I think, simply put, that married men's outside obligations are less transparent than single peoples' obligations and responsibilities. Therefore, as the more open and obvious, they are more a known factor. It is harder to assume the outside obligations a single person will have. But to assume they won't have any or will have less is an error.
In fact, once again, I think it is a matter of perception and bias. Married workers' outside obligations are more understood and more likely to be accepted than a single person's outside obligations. Imagine the case of a married worker saying, "My child is sick," versus a single person saying, "My dog is sick." In which case is an employer more likely to understand and grant time off?
It's hard enough to ask for, and get, time off for a sick family member. Imagine asking for something more allegedly frivolous. I wonder how many times married/parent workers plead family need while single workers skate under the radar with different reasons, all the while both are taking care of personal business (which a married/parent worker might very well have more of, since there are more people he/she is responsible for). Nevertheless, both married/parent and single workers have lives and obligations outside of the office. I simply believe one is more obvious, less transparent. Regardless, there is almost a cardinal rule against mentioning personal need in today's business world.
I have heard many, many employees indicate reluctance to share any personal need with an employer. I understand anecdote isn't data, however, look at the assumptions employers operate under when hiring and firing employees: single people will work more and harder.

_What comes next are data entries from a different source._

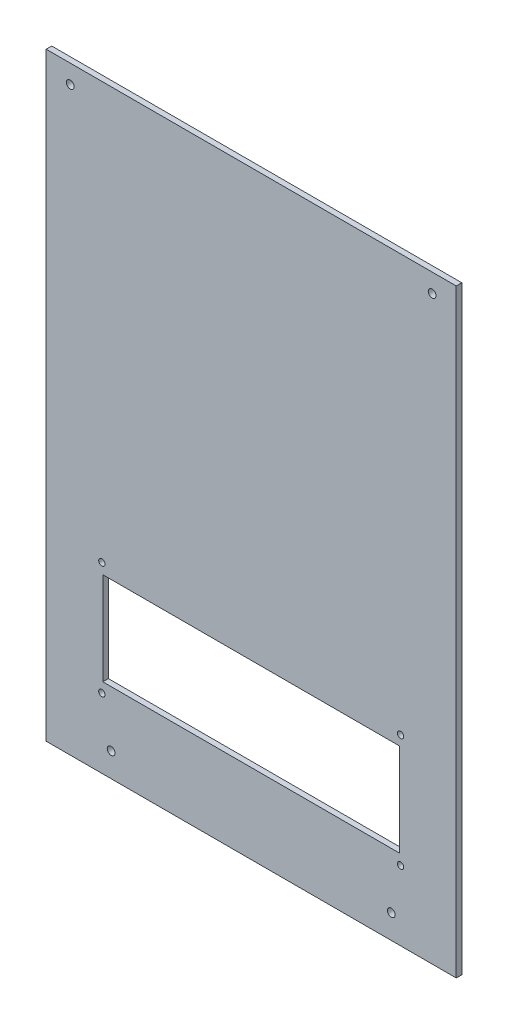
ISO-10303-21;
HEADER;
FILE_DESCRIPTION(('STEP AP214'),'2;1');
FILE_NAME('part.step','',(''),(''),'','','');
FILE_SCHEMA(('AUTOMOTIVE_DESIGN { 1 0 10303 214 1 1 1 1 }'));
ENDSEC;
DATA;
#1=APPLICATION_CONTEXT('core data for automotive mechanical design processes');
#2=APPLICATION_PROTOCOL_DEFINITION('international standard','automotive_design',2000,#1);
#3=PRODUCT_CONTEXT('',#1,'mechanical');
#4=PRODUCT('Part','Part','',(#3));
#5=PRODUCT_RELATED_PRODUCT_CATEGORY('part','',(#4));
#6=PRODUCT_DEFINITION_FORMATION('','',#4);
#7=PRODUCT_DEFINITION_CONTEXT('part definition',#1,'design');
#8=PRODUCT_DEFINITION('design','',#6,#7);
#9=PRODUCT_DEFINITION_SHAPE('','',#8);
#10=(LENGTH_UNIT() NAMED_UNIT(*) SI_UNIT(.MILLI.,.METRE.));
#11=(NAMED_UNIT(*) PLANE_ANGLE_UNIT() SI_UNIT($,.RADIAN.));
#12=(NAMED_UNIT(*) SI_UNIT($,.STERADIAN.) SOLID_ANGLE_UNIT());
#13=UNCERTAINTY_MEASURE_WITH_UNIT(LENGTH_MEASURE(1.E-05),#10,'distance_accuracy_value','');
#14=(GEOMETRIC_REPRESENTATION_CONTEXT(3) GLOBAL_UNCERTAINTY_ASSIGNED_CONTEXT((#13)) GLOBAL_UNIT_ASSIGNED_CONTEXT((#10,
#11,#12)) REPRESENTATION_CONTEXT('',''));
#15=CARTESIAN_POINT('',(0.,0.,0.));
#16=DIRECTION('',(0.,0.,1.));
#17=DIRECTION('',(1.,0.,0.));
#18=AXIS2_PLACEMENT_3D('',#15,#16,#17);
#19=CARTESIAN_POINT('',(0.,0.,-122.5));
#20=DIRECTION('',(0.,0.,-1.));
#21=DIRECTION('',(-1.,0.,0.));
#22=AXIS2_PLACEMENT_3D('',#19,#20,#21);
#23=PLANE('',#22);
#24=CARTESIAN_POINT('',(-75.5,0.,-122.5));
#25=DIRECTION('',(0.,0.,1.));
#26=DIRECTION('',(1.,0.,0.));
#27=AXIS2_PLACEMENT_3D('',#24,#25,#26);
#28=CIRCLE('',#27,2.1);
#29=CARTESIAN_POINT('',(-73.4,0.,-122.5));
#30=VERTEX_POINT('',#29);
#31=EDGE_CURVE('E278',#30,#30,#28,.T.);
#32=ORIENTED_EDGE('',*,*,#31,.F.);
#33=EDGE_LOOP('',(#32));
#34=FACE_BOUND('',#33,.T.);
#35=CARTESIAN_POINT('',(80.5,85.5,-122.5));
#36=DIRECTION('',(0.,0.,-1.));
#37=DIRECTION('',(-1.,0.,0.));
#38=AXIS2_PLACEMENT_3D('',#35,#36,#37);
#39=CIRCLE('',#38,1.70000000000001);
#40=CARTESIAN_POINT('',(78.8,85.5,-122.5));
#41=VERTEX_POINT('',#40);
#42=EDGE_CURVE('E265',#41,#41,#39,.F.);
#43=ORIENTED_EDGE('',*,*,#42,.F.);
#44=EDGE_LOOP('',(#43));
#45=FACE_BOUND('',#44,.T.);
#46=CARTESIAN_POINT('',(80.5,24.5,-122.5));
#47=DIRECTION('',(0.,0.,-1.));
#48=DIRECTION('',(-1.,0.,0.));
#49=AXIS2_PLACEMENT_3D('',#46,#47,#48);
#50=CIRCLE('',#49,1.70000000000001);
#51=CARTESIAN_POINT('',(78.8,24.5,-122.5));
#52=VERTEX_POINT('',#51);
#53=EDGE_CURVE('E271',#52,#52,#50,.F.);
#54=ORIENTED_EDGE('',*,*,#53,.F.);
#55=EDGE_LOOP('',(#54));
#56=FACE_BOUND('',#55,.T.);
#57=CARTESIAN_POINT('',(-80.5,24.5,-122.5));
#58=DIRECTION('',(0.,0.,-1.));
#59=DIRECTION('',(-1.,0.,0.));
#60=AXIS2_PLACEMENT_3D('',#57,#58,#59);
#61=CIRCLE('',#60,1.70000000000001);
#62=CARTESIAN_POINT('',(-82.2,24.5,-122.5));
#63=VERTEX_POINT('',#62);
#64=EDGE_CURVE('E259',#63,#63,#61,.F.);
#65=ORIENTED_EDGE('',*,*,#64,.F.);
#66=EDGE_LOOP('',(#65));
#67=FACE_BOUND('',#66,.T.);
#68=CARTESIAN_POINT('',(-80.5,85.5,-122.5));
#69=DIRECTION('',(0.,0.,-1.));
#70=DIRECTION('',(-1.,0.,0.));
#71=AXIS2_PLACEMENT_3D('',#68,#69,#70);
#72=CIRCLE('',#71,1.7);
#73=CARTESIAN_POINT('',(-82.2,85.5,-122.5));
#74=VERTEX_POINT('',#73);
#75=EDGE_CURVE('E139',#74,#74,#72,.F.);
#76=ORIENTED_EDGE('',*,*,#75,.F.);
#77=EDGE_LOOP('',(#76));
#78=FACE_BOUND('',#77,.T.);
#79=DIRECTION('',(1.,0.,0.));
#80=VECTOR('',#79,1.);
#81=CARTESIAN_POINT('',(-80.,30.,-122.5));
#82=LINE('',#81,#80);
#83=CARTESIAN_POINT('',(-80.,30.,-122.5));
#84=VERTEX_POINT('',#83);
#85=CARTESIAN_POINT('',(80.,30.,-122.5));
#86=VERTEX_POINT('',#85);
#87=EDGE_CURVE('E147',#84,#86,#82,.T.);
#88=ORIENTED_EDGE('',*,*,#87,.F.);
#89=DIRECTION('',(0.,-1.,0.));
#90=VECTOR('',#89,1.);
#91=CARTESIAN_POINT('',(-80.,80.,-122.5));
#92=LINE('',#91,#90);
#93=CARTESIAN_POINT('',(-80.,80.,-122.5));
#94=VERTEX_POINT('',#93);
#95=EDGE_CURVE('E59',#94,#84,#92,.T.);
#96=ORIENTED_EDGE('',*,*,#95,.F.);
#97=DIRECTION('',(-1.,0.,0.));
#98=VECTOR('',#97,1.);
#99=CARTESIAN_POINT('',(-80.,80.,-122.5));
#100=LINE('',#99,#98);
#101=CARTESIAN_POINT('',(80.,80.,-122.5));
#102=VERTEX_POINT('',#101);
#103=EDGE_CURVE('E131',#102,#94,#100,.T.);
#104=ORIENTED_EDGE('',*,*,#103,.F.);
#105=DIRECTION('',(0.,1.,0.));
#106=VECTOR('',#105,1.);
#107=CARTESIAN_POINT('',(80.,80.,-122.5));
#108=LINE('',#107,#106);
#109=EDGE_CURVE('E136',#86,#102,#108,.T.);
#110=ORIENTED_EDGE('',*,*,#109,.F.);
#111=EDGE_LOOP('',(#88,#96,#104,#110));
#112=FACE_BOUND('',#111,.T.);
#113=DIRECTION('',(0.,-1.,0.));
#114=VECTOR('',#113,1.);
#115=CARTESIAN_POINT('',(110.5,310.,-122.5));
#116=LINE('',#115,#114);
#117=CARTESIAN_POINT('',(110.5,310.,-122.5));
#118=VERTEX_POINT('',#117);
#119=CARTESIAN_POINT('',(110.5,-13.,-122.5));
#120=VERTEX_POINT('',#119);
#121=EDGE_CURVE('E160',#118,#120,#116,.T.);
#122=ORIENTED_EDGE('',*,*,#121,.F.);
#123=DIRECTION('',(1.,0.,0.));
#124=VECTOR('',#123,1.);
#125=CARTESIAN_POINT('',(110.5,310.,-122.5));
#126=LINE('',#125,#124);
#127=CARTESIAN_POINT('',(-110.5,310.,-122.5));
#128=VERTEX_POINT('',#127);
#129=EDGE_CURVE('E171',#128,#118,#126,.T.);
#130=ORIENTED_EDGE('',*,*,#129,.F.);
#131=DIRECTION('',(0.,1.,0.));
#132=VECTOR('',#131,1.);
#133=CARTESIAN_POINT('',(-110.5,310.,-122.5));
#134=LINE('',#133,#132);
#135=CARTESIAN_POINT('',(-110.5,-13.,-122.5));
#136=VERTEX_POINT('',#135);
#137=EDGE_CURVE('E167',#136,#128,#134,.T.);
#138=ORIENTED_EDGE('',*,*,#137,.F.);
#139=DIRECTION('',(-1.,0.,0.));
#140=VECTOR('',#139,1.);
#141=CARTESIAN_POINT('',(110.5,-13.,-122.5));
#142=LINE('',#141,#140);
#143=EDGE_CURVE('E163',#120,#136,#142,.T.);
#144=ORIENTED_EDGE('',*,*,#143,.F.);
#145=EDGE_LOOP('',(#122,#130,#138,#144));
#146=FACE_BOUND('',#145,.T.);
#147=CARTESIAN_POINT('',(75.5,0.,-122.5));
#148=DIRECTION('',(0.,0.,1.));
#149=DIRECTION('',(1.,0.,0.));
#150=AXIS2_PLACEMENT_3D('',#147,#148,#149);
#151=CIRCLE('',#150,2.1);
#152=CARTESIAN_POINT('',(77.6,0.,-122.5));
#153=VERTEX_POINT('',#152);
#154=EDGE_CURVE('E282',#153,#153,#151,.T.);
#155=ORIENTED_EDGE('',*,*,#154,.F.);
#156=EDGE_LOOP('',(#155));
#157=FACE_BOUND('',#156,.T.);
#158=CARTESIAN_POINT('',(97.5,300.,-122.5));
#159=DIRECTION('',(0.,0.,1.));
#160=DIRECTION('',(1.,0.,0.));
#161=AXIS2_PLACEMENT_3D('',#158,#159,#160);
#162=CIRCLE('',#161,2.1);
#163=CARTESIAN_POINT('',(99.6,300.,-122.5));
#164=VERTEX_POINT('',#163);
#165=EDGE_CURVE('E286',#164,#164,#162,.T.);
#166=ORIENTED_EDGE('',*,*,#165,.F.);
#167=EDGE_LOOP('',(#166));
#168=FACE_BOUND('',#167,.T.);
#169=CARTESIAN_POINT('',(-97.5,300.,-122.5));
#170=DIRECTION('',(0.,0.,1.));
#171=DIRECTION('',(1.,0.,0.));
#172=AXIS2_PLACEMENT_3D('',#169,#170,#171);
#173=CIRCLE('',#172,2.1);
#174=CARTESIAN_POINT('',(-95.4,300.,-122.5));
#175=VERTEX_POINT('',#174);
#176=EDGE_CURVE('E290',#175,#175,#173,.T.);
#177=ORIENTED_EDGE('',*,*,#176,.F.);
#178=EDGE_LOOP('',(#177));
#179=FACE_BOUND('',#178,.T.);
#180=ADVANCED_FACE('F40',(#34,#45,#56,#67,#78,#112,#146,#157,#168,#179),#23,.F.);
#181=CARTESIAN_POINT('',(110.5,310.,-122.5));
#182=DIRECTION('',(1.,0.,0.));
#183=DIRECTION('',(0.,0.,-1.));
#184=AXIS2_PLACEMENT_3D('',#181,#182,#183);
#185=PLANE('',#184);
#186=DIRECTION('',(0.,-1.,0.));
#187=VECTOR('',#186,1.);
#188=CARTESIAN_POINT('',(110.5,310.,-125.5));
#189=LINE('',#188,#187);
#190=CARTESIAN_POINT('',(110.5,310.,-125.5));
#191=VERTEX_POINT('',#190);
#192=CARTESIAN_POINT('',(110.5,-13.,-125.5));
#193=VERTEX_POINT('',#192);
#194=EDGE_CURVE('E155',#191,#193,#189,.T.);
#195=ORIENTED_EDGE('',*,*,#194,.F.);
#196=DIRECTION('',(0.,0.,-1.));
#197=VECTOR('',#196,1.);
#198=CARTESIAN_POINT('',(110.5,310.,-122.5));
#199=LINE('',#198,#197);
#200=EDGE_CURVE('E11',#118,#191,#199,.T.);
#201=ORIENTED_EDGE('',*,*,#200,.F.);
#202=ORIENTED_EDGE('',*,*,#121,.T.);
#203=DIRECTION('',(0.,0.,-1.));
#204=VECTOR('',#203,1.);
#205=CARTESIAN_POINT('',(110.5,-13.,-122.5));
#206=LINE('',#205,#204);
#207=EDGE_CURVE('E44',#120,#193,#206,.T.);
#208=ORIENTED_EDGE('',*,*,#207,.T.);
#209=EDGE_LOOP('',(#195,#201,#202,#208));
#210=FACE_BOUND('',#209,.T.);
#211=ADVANCED_FACE('F42',(#210),#185,.T.);
#212=CARTESIAN_POINT('',(110.5,310.,-122.5));
#213=DIRECTION('',(0.,1.,0.));
#214=DIRECTION('',(0.,0.,1.));
#215=AXIS2_PLACEMENT_3D('',#212,#213,#214);
#216=PLANE('',#215);
#217=DIRECTION('',(1.,0.,0.));
#218=VECTOR('',#217,1.);
#219=CARTESIAN_POINT('',(110.5,310.,-125.5));
#220=LINE('',#219,#218);
#221=CARTESIAN_POINT('',(-110.5,310.,-125.5));
#222=VERTEX_POINT('',#221);
#223=EDGE_CURVE('E164',#222,#191,#220,.T.);
#224=ORIENTED_EDGE('',*,*,#223,.F.);
#225=DIRECTION('',(0.,0.,-1.));
#226=VECTOR('',#225,1.);
#227=CARTESIAN_POINT('',(-110.5,310.,-122.5));
#228=LINE('',#227,#226);
#229=EDGE_CURVE('E49',#128,#222,#228,.T.);
#230=ORIENTED_EDGE('',*,*,#229,.F.);
#231=ORIENTED_EDGE('',*,*,#129,.T.);
#232=ORIENTED_EDGE('',*,*,#200,.T.);
#233=EDGE_LOOP('',(#224,#230,#231,#232));
#234=FACE_BOUND('',#233,.T.);
#235=ADVANCED_FACE('F196',(#234),#216,.T.);
#236=CARTESIAN_POINT('',(-110.5,310.,-122.5));
#237=DIRECTION('',(-1.,0.,0.));
#238=DIRECTION('',(0.,-1.,0.));
#239=AXIS2_PLACEMENT_3D('',#236,#237,#238);
#240=PLANE('',#239);
#241=DIRECTION('',(0.,1.,0.));
#242=VECTOR('',#241,1.);
#243=CARTESIAN_POINT('',(-110.5,310.,-125.5));
#244=LINE('',#243,#242);
#245=CARTESIAN_POINT('',(-110.5,-13.,-125.5));
#246=VERTEX_POINT('',#245);
#247=EDGE_CURVE('E179',#246,#222,#244,.T.);
#248=ORIENTED_EDGE('',*,*,#247,.F.);
#249=DIRECTION('',(0.,0.,-1.));
#250=VECTOR('',#249,1.);
#251=CARTESIAN_POINT('',(-110.5,-13.,-122.5));
#252=LINE('',#251,#250);
#253=EDGE_CURVE('E185',#136,#246,#252,.T.);
#254=ORIENTED_EDGE('',*,*,#253,.F.);
#255=ORIENTED_EDGE('',*,*,#137,.T.);
#256=ORIENTED_EDGE('',*,*,#229,.T.);
#257=EDGE_LOOP('',(#248,#254,#255,#256));
#258=FACE_BOUND('',#257,.T.);
#259=ADVANCED_FACE('F202',(#258),#240,.T.);
#260=CARTESIAN_POINT('',(110.5,-13.,-122.5));
#261=DIRECTION('',(0.,-1.,0.));
#262=DIRECTION('',(0.,0.,-1.));
#263=AXIS2_PLACEMENT_3D('',#260,#261,#262);
#264=PLANE('',#263);
#265=DIRECTION('',(-1.,0.,0.));
#266=VECTOR('',#265,1.);
#267=CARTESIAN_POINT('',(110.5,-13.,-125.5));
#268=LINE('',#267,#266);
#269=EDGE_CURVE('E176',#193,#246,#268,.T.);
#270=ORIENTED_EDGE('',*,*,#269,.F.);
#271=ORIENTED_EDGE('',*,*,#207,.F.);
#272=ORIENTED_EDGE('',*,*,#143,.T.);
#273=ORIENTED_EDGE('',*,*,#253,.T.);
#274=EDGE_LOOP('',(#270,#271,#272,#273));
#275=FACE_BOUND('',#274,.T.);
#276=ADVANCED_FACE('F193',(#275),#264,.T.);
#277=CARTESIAN_POINT('',(0.,0.,-125.5));
#278=DIRECTION('',(0.,0.,-1.));
#279=DIRECTION('',(-1.,0.,0.));
#280=AXIS2_PLACEMENT_3D('',#277,#278,#279);
#281=PLANE('',#280);
#282=CARTESIAN_POINT('',(-97.5,300.,-125.5));
#283=DIRECTION('',(0.,0.,-1.));
#284=DIRECTION('',(-1.,0.,0.));
#285=AXIS2_PLACEMENT_3D('',#282,#283,#284);
#286=CIRCLE('',#285,2.1);
#287=CARTESIAN_POINT('',(-99.6,300.,-125.5));
#288=VERTEX_POINT('',#287);
#289=EDGE_CURVE('E230',#288,#288,#286,.T.);
#290=ORIENTED_EDGE('',*,*,#289,.F.);
#291=EDGE_LOOP('',(#290));
#292=FACE_BOUND('',#291,.T.);
#293=CARTESIAN_POINT('',(97.5,300.,-125.5));
#294=DIRECTION('',(0.,0.,-1.));
#295=DIRECTION('',(-1.,0.,0.));
#296=AXIS2_PLACEMENT_3D('',#293,#294,#295);
#297=CIRCLE('',#296,2.1);
#298=CARTESIAN_POINT('',(95.4,300.,-125.5));
#299=VERTEX_POINT('',#298);
#300=EDGE_CURVE('E234',#299,#299,#297,.T.);
#301=ORIENTED_EDGE('',*,*,#300,.F.);
#302=EDGE_LOOP('',(#301));
#303=FACE_BOUND('',#302,.T.);
#304=CARTESIAN_POINT('',(75.5,0.,-125.5));
#305=DIRECTION('',(0.,0.,-1.));
#306=DIRECTION('',(-1.,0.,0.));
#307=AXIS2_PLACEMENT_3D('',#304,#305,#306);
#308=CIRCLE('',#307,2.1);
#309=CARTESIAN_POINT('',(73.4,0.,-125.5));
#310=VERTEX_POINT('',#309);
#311=EDGE_CURVE('E238',#310,#310,#308,.T.);
#312=ORIENTED_EDGE('',*,*,#311,.F.);
#313=EDGE_LOOP('',(#312));
#314=FACE_BOUND('',#313,.T.);
#315=CARTESIAN_POINT('',(-75.5,0.,-125.5));
#316=DIRECTION('',(0.,0.,-1.));
#317=DIRECTION('',(-1.,0.,0.));
#318=AXIS2_PLACEMENT_3D('',#315,#316,#317);
#319=CIRCLE('',#318,2.1);
#320=CARTESIAN_POINT('',(-77.6,0.,-125.5));
#321=VERTEX_POINT('',#320);
#322=EDGE_CURVE('E242',#321,#321,#319,.T.);
#323=ORIENTED_EDGE('',*,*,#322,.F.);
#324=EDGE_LOOP('',(#323));
#325=FACE_BOUND('',#324,.T.);
#326=CARTESIAN_POINT('',(80.5,85.5,-125.5));
#327=DIRECTION('',(0.,0.,-1.));
#328=DIRECTION('',(-1.,0.,0.));
#329=AXIS2_PLACEMENT_3D('',#326,#327,#328);
#330=CIRCLE('',#329,1.70000000000001);
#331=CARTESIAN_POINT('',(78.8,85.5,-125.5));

Look at my husband, though: burning the midnight oil, going into the office at 5 a.m., working long days, and all days of the week.
Where's that assumption now?
The caveat, of course, to all of this is that unhappy, unbalanced and overstressed people aren’t going to succeed, or achieve their personal best, at work or at home.
In the end, the company can opt to view employees as disposable, and work them until they burn out of the job there, or they can realize the long-term and higher end results of supporting a balanced outside life for both married and single workers.